Futura’s Tango line has been lauded as the latest breakthrough in high efficiency, value- adding technologies. It marked the debut of the latest JOI Technology; the first embosser to feature a steel-marrying roll instead of the industry standard rubber roll. Now, almost a year since its first installation, TW gets a progress report.

When Futura designed the Tango Roll using the patent-protected JOI embossing technology, it said it had developed something with the potential to revolutionise a vital aspect of tissue converting. With nearly a year’s operation under its belt, Futura’s R&D and customer relations director Giovacchino Giurlani says it’s no longer theoretical.

The Tango Line was started up in the third quarter of last year at Argentina’s Papelera San Andrés de Giles, where the company said it provides nested embossing solutions with the design flexibility and ease of operation at volumes nearer those associated with point-to-point embossing products.

Papelera San Andrés de Giles uses the line to produce kitchen towel and toilet tissue; point-to-point configuration is used for toilet tissue products, and the JOI embosser, can achieve the switch from nested to point-to-point in as little as one hour, compared with a whole shift on conventional lines.

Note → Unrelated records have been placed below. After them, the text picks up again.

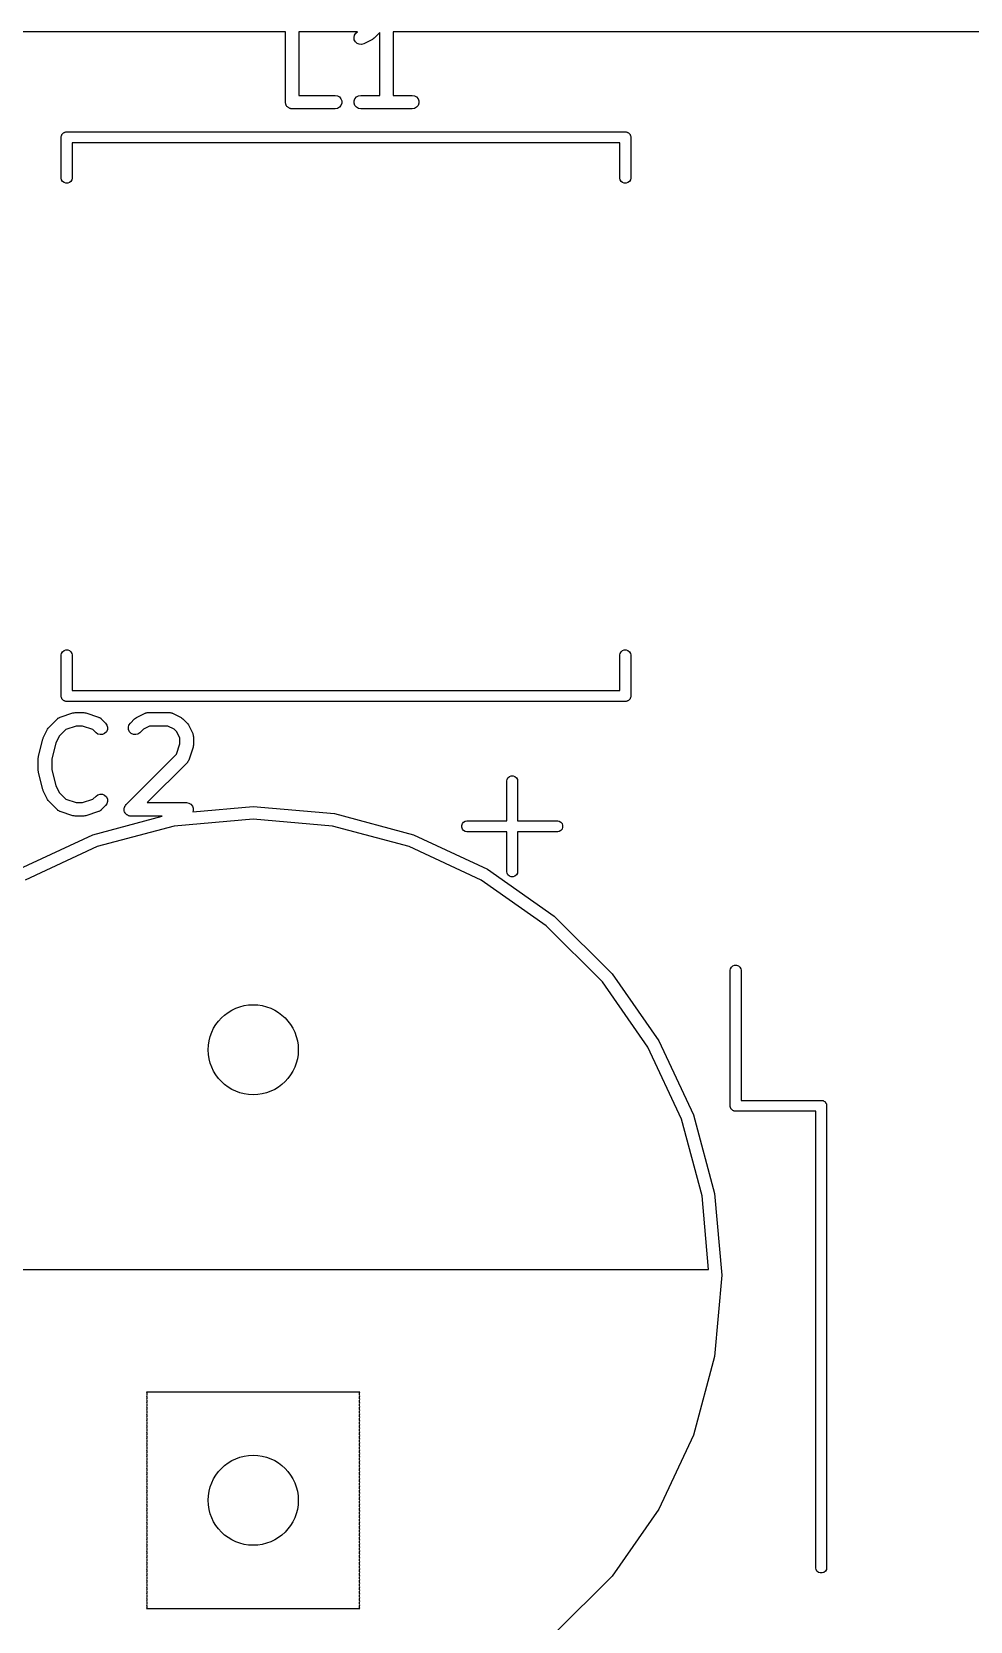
# Model space of a CAD drawing. Extents: x 202.7 to 262.5, y -125.5 to -33.7.
# Drawn here: x 211.14 to 221.56, y -90.71 to -73.07 of the extents above; entities that cross this region are included whole.
import ezdxf

# ---------------------------------------------------------------- set-up
doc = ezdxf.new("R2010")
doc.units = 0
doc.header["$MEASUREMENT"] = 0
doc.layers.add('BLACK', color=7, linetype='CONTINUOUS')

msp = doc.modelspace()

# ---------------------------------------------------------------- linework, layer by layer
at = {"layer": 'BLACK', "linetype": 'CONTINUOUS'}
for p, q in [((213.957, -73.072), (205.175, -73.072)), ((213.957, -73.8524), (213.957, -73.072)), ((214.759, -73.072), (214.107, -73.072)), ((214.107, -73.072), (214.107, -73.7774)), ((214.719, -73.1336), (214.725, -73.1083)), ((214.722, -73.1595), (214.719, -73.1336)), ((214.734, -73.1828), (214.722, -73.1595)), ((214.725, -73.1083), (214.74, -73.0865)), ((214.753, -73.2007), (214.734, -73.1828)), ((214.74, -73.0865), (214.759, -73.072)), ((214.777, -73.211), (214.753, -73.2007)), ((214.828, -73.2052), (214.803, -73.2126)), ((214.923, -73.1576), (214.828, -73.2052)), ((214.932, -73.1504), (214.923, -73.1576)), ((214.942, -73.1435), (214.932, -73.1504)), ((215.005, -73.0811), (214.942, -73.1435)), ((215.005, -73.7774), (215.005, -73.0811)), ((221.873, -73.072), (215.155, -73.072)), ((215.155, -73.072), (215.155, -73.7774)), ((214.803, -73.2126), (214.777, -73.211)), ((213.958, -73.8588), (213.957, -73.8524)), ((213.958, -73.8654), (213.958, -73.8588)), ((213.961, -73.8716), (213.958, -73.8654)), ((213.962, -73.878), (213.961, -73.8716)), ((213.965, -73.8837), (213.962, -73.878)), ((213.967, -73.8899), (213.965, -73.8837)), ((213.971, -73.8949), (213.967, -73.8899)), ((213.975, -73.9006), (213.971, -73.8949)), ((213.98, -73.9048), (213.975, -73.9006)), ((213.984, -73.9098), (213.98, -73.9048)), ((213.99, -73.9131), (213.984, -73.9098)), ((214.107, -73.7774), (214.508, -73.7774)), ((214.508, -73.7774), (214.534, -73.7819)), ((214.534, -73.7819), (214.557, -73.7949)), ((214.557, -73.9098), (214.534, -73.9229)), ((214.557, -73.7949), (214.573, -73.8149)), ((214.573, -73.8899), (214.557, -73.9098)), ((214.573, -73.8149), (214.582, -73.8394)), ((214.582, -73.8654), (214.573, -73.8899)), ((214.582, -73.8394), (214.582, -73.8654)), ((214.72, -73.8394), (214.729, -73.8149)), ((214.72, -73.8654), (214.72, -73.8394)), ((214.729, -73.8899), (214.72, -73.8654)), ((214.729, -73.8149), (214.746, -73.7949)), ((214.746, -73.9098), (214.729, -73.8899)), ((214.746, -73.7949), (214.768, -73.7819)), ((214.768, -73.9229), (214.746, -73.9098)), ((214.768, -73.7819), (214.794, -73.7774)), ((214.794, -73.7774), (215.005, -73.7774)), ((215.155, -73.7774), (215.365, -73.7774)), ((215.365, -73.7774), (215.391, -73.7819)), ((215.391, -73.7819), (215.414, -73.7949)), ((215.414, -73.9098), (215.391, -73.9229)), ((215.414, -73.7949), (215.43, -73.8149)), ((215.43, -73.8899), (215.414, -73.9098)), ((215.43, -73.8149), (215.439, -73.8394)), ((215.439, -73.8654), (215.43, -73.8899)), ((215.439, -73.8394), (215.439, -73.8654)), ((213.995, -73.9173), (213.99, -73.9131)), ((214.001, -73.9196), (213.995, -73.9173)), ((214.006, -73.9229), (214.001, -73.9196)), ((214.013, -73.924), (214.006, -73.9229)), ((214.019, -73.9262), (214.013, -73.924)), ((214.026, -73.9262), (214.019, -73.9262)), ((214.032, -73.9274), (214.026, -73.9262)), ((214.508, -73.9274), (214.032, -73.9274)), ((214.534, -73.9229), (214.508, -73.9274)), ((214.794, -73.9274), (214.768, -73.9229)), ((215.365, -73.9274), (214.794, -73.9274)), ((215.391, -73.9229), (215.365, -73.9274)), ((211.47, -74.2324), (211.472, -74.2274)), ((211.47, -74.2377), (211.47, -74.2324)), ((211.47, -74.2378), (211.47, -74.2377)), ((211.47, -74.6982), (211.47, -74.2378)), ((211.472, -74.2274), (211.473, -74.2222)), ((211.473, -74.2222), (211.475, -74.2175)), ((211.475, -74.2175), (211.477, -74.2125)), ((211.477, -74.2125), (211.481, -74.2085)), ((211.481, -74.2085), (211.483, -74.2038)), ((211.483, -74.2038), (211.487, -74.2004)), ((211.487, -74.2004), (211.491, -74.1963)), ((211.491, -74.1963), (211.495, -74.1937)), ((211.495, -74.1937), (211.5, -74.1902)), ((211.5, -74.1902), (211.505, -74.1884)), ((211.505, -74.1884), (211.509, -74.1857)), ((211.509, -74.1857), (211.514, -74.1848)), ((211.514, -74.1848), (211.519, -74.183)), ((211.519, -74.183), (211.525, -74.183)), ((211.525, -74.183), (211.525, -74.183)), ((211.525, -74.183), (217.735, -74.183)), ((217.735, -74.183), (217.741, -74.183)), ((217.735, -74.183), (217.735, -74.183)), ((217.741, -74.183), (217.746, -74.1848)), ((217.746, -74.1848), (217.751, -74.1857)), ((217.751, -74.1857), (217.755, -74.1884)), ((217.755, -74.1884), (217.76, -74.1902)), ((217.76, -74.1902), (217.765, -74.1937)), ((217.765, -74.1937), (217.769, -74.1963)), ((217.769, -74.1963), (217.773, -74.2004)), ((217.773, -74.2004), (217.777, -74.2038)), ((217.777, -74.2038), (217.779, -74.2085)), ((217.779, -74.2085), (217.783, -74.2125)), ((217.783, -74.2125), (217.785, -74.2175)), ((217.785, -74.2175), (217.787, -74.2222)), ((217.787, -74.2222), (217.788, -74.2274)), ((217.788, -74.2274), (217.79, -74.2324)), ((217.79, -74.2324), (217.79, -74.2377)), ((217.79, -74.2377), (217.79, -74.2378)), ((217.79, -74.2378), (217.79, -74.6982)), ((217.67, -74.303), (211.59, -74.303)), ((211.59, -74.303), (211.59, -74.6982)), ((217.67, -74.6982), (217.67, -74.303)), ((211.473, -74.7138), (211.47, -74.6982)), ((211.483, -74.7322), (211.473, -74.7138)), ((211.5, -74.7458), (211.483, -74.7322)), ((211.519, -74.753), (211.5, -74.7458)), ((211.541, -74.753), (211.519, -74.753)), ((211.56, -74.7458), (211.541, -74.753)), ((211.577, -74.7322), (211.56, -74.7458)), ((211.587, -74.7138), (211.577, -74.7322)), ((211.59, -74.6982), (211.587, -74.7138)), ((217.673, -74.7138), (217.67, -74.6982)), ((217.683, -74.7322), (217.673, -74.7138)), ((217.7, -74.7458), (217.683, -74.7322)), ((217.719, -74.753), (217.7, -74.7458)), ((217.741, -74.753), (217.719, -74.753)), ((217.76, -74.7458), (217.741, -74.753)), ((217.777, -74.7322), (217.76, -74.7458)), ((217.787, -74.7138), (217.777, -74.7322)), ((217.79, -74.6982), (217.787, -74.7138)), ((211.47, -79.9878), (211.473, -79.9722)), ((211.47, -80.4482), (211.47, -79.9878)), ((211.473, -79.9722), (211.483, -79.9538)), ((211.483, -79.9538), (211.5, -79.9402)), ((211.5, -79.9402), (211.519, -79.933)), ((211.519, -79.933), (211.541, -79.933)), ((211.541, -79.933), (211.56, -79.9402)), ((211.56, -79.9402), (211.577, -79.9538)), ((211.577, -79.9538), (211.587, -79.9722)), ((211.587, -79.9722), (211.59, -79.9878)), ((211.59, -79.9878), (211.59, -80.383)), ((217.67, -79.9878), (217.673, -79.9722)), ((217.67, -80.383), (217.67, -79.9878)), ((217.673, -79.9722), (217.683, -79.9538)), ((217.683, -79.9538), (217.7, -79.9402)), ((217.7, -79.9402), (217.719, -79.933)), ((217.719, -79.933), (217.741, -79.933)), ((217.741, -79.933), (217.76, -79.9402)), ((217.76, -79.9402), (217.777, -79.9538)), ((217.777, -79.9538), (217.787, -79.9722)), ((217.787, -79.9722), (217.79, -79.9878)), ((217.79, -79.9878), (217.79, -80.4482)), ((211.59, -80.383), (217.67, -80.383)), ((211.47, -80.4483), (211.47, -80.4482)), ((211.47, -80.4536), (211.47, -80.4483)), ((211.472, -80.4586), (211.47, -80.4536)), ((211.473, -80.4638), (211.472, -80.4586)), ((211.475, -80.4685), (211.473, -80.4638)), ((211.477, -80.4735), (211.475, -80.4685)), ((211.481, -80.4775), (211.477, -80.4735)), ((211.483, -80.4822), (211.481, -80.4775)), ((211.487, -80.4856), (211.483, -80.4822)), ((211.491, -80.4897), (211.487, -80.4856)), ((211.495, -80.4923), (211.491, -80.4897)), ((211.5, -80.4958), (211.495, -80.4923)), ((211.505, -80.4976), (211.5, -80.4958)), ((211.509, -80.5003), (211.505, -80.4976)), ((211.514, -80.5012), (211.509, -80.5003)), ((211.519, -80.503), (211.514, -80.5012)), ((211.525, -80.503), (211.519, -80.503)), ((217.735, -80.503), (211.525, -80.503)), ((211.525, -80.503), (211.525, -80.503)), ((217.741, -80.503), (217.735, -80.503)), ((217.735, -80.503), (217.735, -80.503)), ((217.746, -80.5012), (217.741, -80.503)), ((217.751, -80.5003), (217.746, -80.5012)), ((217.755, -80.4976), (217.751, -80.5003)), ((217.76, -80.4958), (217.755, -80.4976)), ((217.765, -80.4923), (217.76, -80.4958)), ((217.769, -80.4897), (217.765, -80.4923)), ((217.773, -80.4856), (217.769, -80.4897)), ((217.777, -80.4822), (217.773, -80.4856)), ((217.779, -80.4775), (217.777, -80.4822)), ((217.783, -80.4735), (217.779, -80.4775)), ((217.785, -80.4685), (217.783, -80.4735)), ((217.787, -80.4638), (217.785, -80.4685)), ((217.788, -80.4586), (217.787, -80.4638)), ((217.79, -80.4536), (217.788, -80.4586)), ((217.79, -80.4482), (217.79, -80.4483)), ((217.79, -80.4483), (217.79, -80.4536)), ((211.331, -80.7922), (211.427, -80.697)), ((211.427, -80.697), (211.43, -80.6945)), ((211.43, -80.6945), (211.433, -80.6913)), ((211.433, -80.6913), (211.441, -80.6871)), ((211.441, -80.6871), (211.448, -80.682)), ((211.448, -80.682), (211.452, -80.6809)), ((211.452, -80.6809), (211.456, -80.6788)), ((211.456, -80.6788), (211.599, -80.6312)), ((211.635, -80.7774), (211.52, -80.8156)), ((211.599, -80.6312), (211.611, -80.6295)), ((211.611, -80.6295), (211.623, -80.6274)), ((211.623, -80.6274), (211.718, -80.6274)), ((211.706, -80.7774), (211.635, -80.7774)), ((211.82, -80.8156), (211.706, -80.7774)), ((211.718, -80.6274), (211.73, -80.6295)), ((211.73, -80.6295), (211.742, -80.6312)), ((211.742, -80.6312), (211.884, -80.6788)), ((211.884, -80.6788), (211.888, -80.6809)), ((211.888, -80.6809), (211.892, -80.682)), ((211.892, -80.682), (211.9, -80.6871)), ((211.9, -80.6871), (211.907, -80.6913)), ((211.907, -80.6913), (211.91, -80.6945)), ((211.91, -80.6945), (211.914, -80.697)), ((211.914, -80.697), (211.961, -80.7446)), ((211.961, -80.7446), (211.976, -80.7659)), ((211.976, -80.7659), (211.983, -80.7911)), ((211.983, -80.7911), (211.981, -80.817)), ((212.215, -80.7911), (212.221, -80.7659)), ((212.217, -80.817), (212.215, -80.7911)), ((212.221, -80.7659), (212.236, -80.7446)), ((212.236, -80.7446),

For such applications, a “random” point-to- point solution has been developed, which the company says allows more creative decoration and greater softness than normal point- to-point allows due to the reduced glue requirement.


Giurlani says that in different operations around the world, the JOI technology and the Tango Roll have demonstrated the capability to produce the highest quality towel without inner ply deterioration or product contamination. Most importantly, this is achieved with a finished roll diameter result that is “as good as that of a Point to Point unit without the complication, the pattern limitation or any negative impact on paper and product characteristics”.

As with most technologies, Giurlani says it’s fairly straightforward to map the evolution of embossing. In the 1980s, kitchen towel was subjected to a point-to-point process, while toilet tissue was produced with a simple embossing technique. The 1990s saw kitchen towel move to the new nested technology, while toilet tissue graduated to décor embossing. The Noughties witnessed the race for flexibility, and the JOI embosser was launched in 2009.

“We reached a point when we asked ourselves whether it was still possible to improve the nested lamination process using the conventional rubber marrying roll,” he adds. “For us, the JOI 013 represents a true evolution in embossing technology offering the possibility of using the Tango steel marrying roll.”

Why a steel marrying roll?

What is so problematical with the rubber marrying roll? “It’s a question of what is optimal,” Giurlani says. “Steel is optimal. The theoretical advantages of a steel marrying roll have tempted the converting industry for a long time because with a steel roll, superior nip control means there is no difference between the embossed surfaces of the tissue. Bulk and quality are absolutely preserved, roll cleaning is easy with the use of a doctor blade and the re- embossing effect is eliminated.”

He adds that the JOI roll operates a steel-marrying roll without incurring the usual problems as it does not deflect, and this is the key to its success and its revolutionary potential. “What made non-deflection impossible to achieve was the roll design and the natural deflection of its material, this resulted in increased pressure on the edge of the web and reduced pressure in the middle. We have overcome this by transferring the deflection from the shell to the shaft where it does not affect tissue characteristics. After rigorous testing in production, we have won an important technical challenge.”

JOI also features roll temperature control technology and the Tango roll is driven. Through technical innovation, the barriers to steel marrying rolls have been overcome and converters can enjoy reduced cleaning, the elimination of final product contamination, improved inner-ply pattern definition with bulk retention, and reduced maintenance. Giurlani says this can be done safety because self-guarded lamination unit which allows operators to access the laminating area while the machine is running.

Nested and point-to-point benefits

There are implications for converters in terms of specific embossing techniques; nested embossing has always been associated with more design flexibility, but has been held back because it cannot offer the product volume performance of a point-to-point. “Today, runnability, bulk and reduced maintenance brought by the Tango steel marrying roll has suddenly put nested embossing in a new category,” Giurlani says. “Kitchen towel manufacturers can use great embossing patterns without sacrificing efficiency, paper characteristics and finished rolls diameter. The potential to add value to kitchen towel will transform the market.”

He says that the JOI 013 represents a landmark also in random point-to-point embossing. Converters can achieve far more imaginative decoration than is usually associated with normal point-to-point embossing technology. Giurlani adds: “This means that for toilet paper production, the lack of softness associated with point- to-point is limited because of the reduction of gluing points. Converters can now emboss the outer ply without compromising softness and, in short, toilet paper producers can achieve a softer roll which looks better.”

He says that JOI 013 has undoubtedly changed the rules for embossing. “We never stand still and we consider all technology to be a work in progress. We are determined to make the line even more accessible, safer and easy to operate. The big challenge today in converting is the logistics around the line and its layout efficiency. This is an important focus for us in the near future.”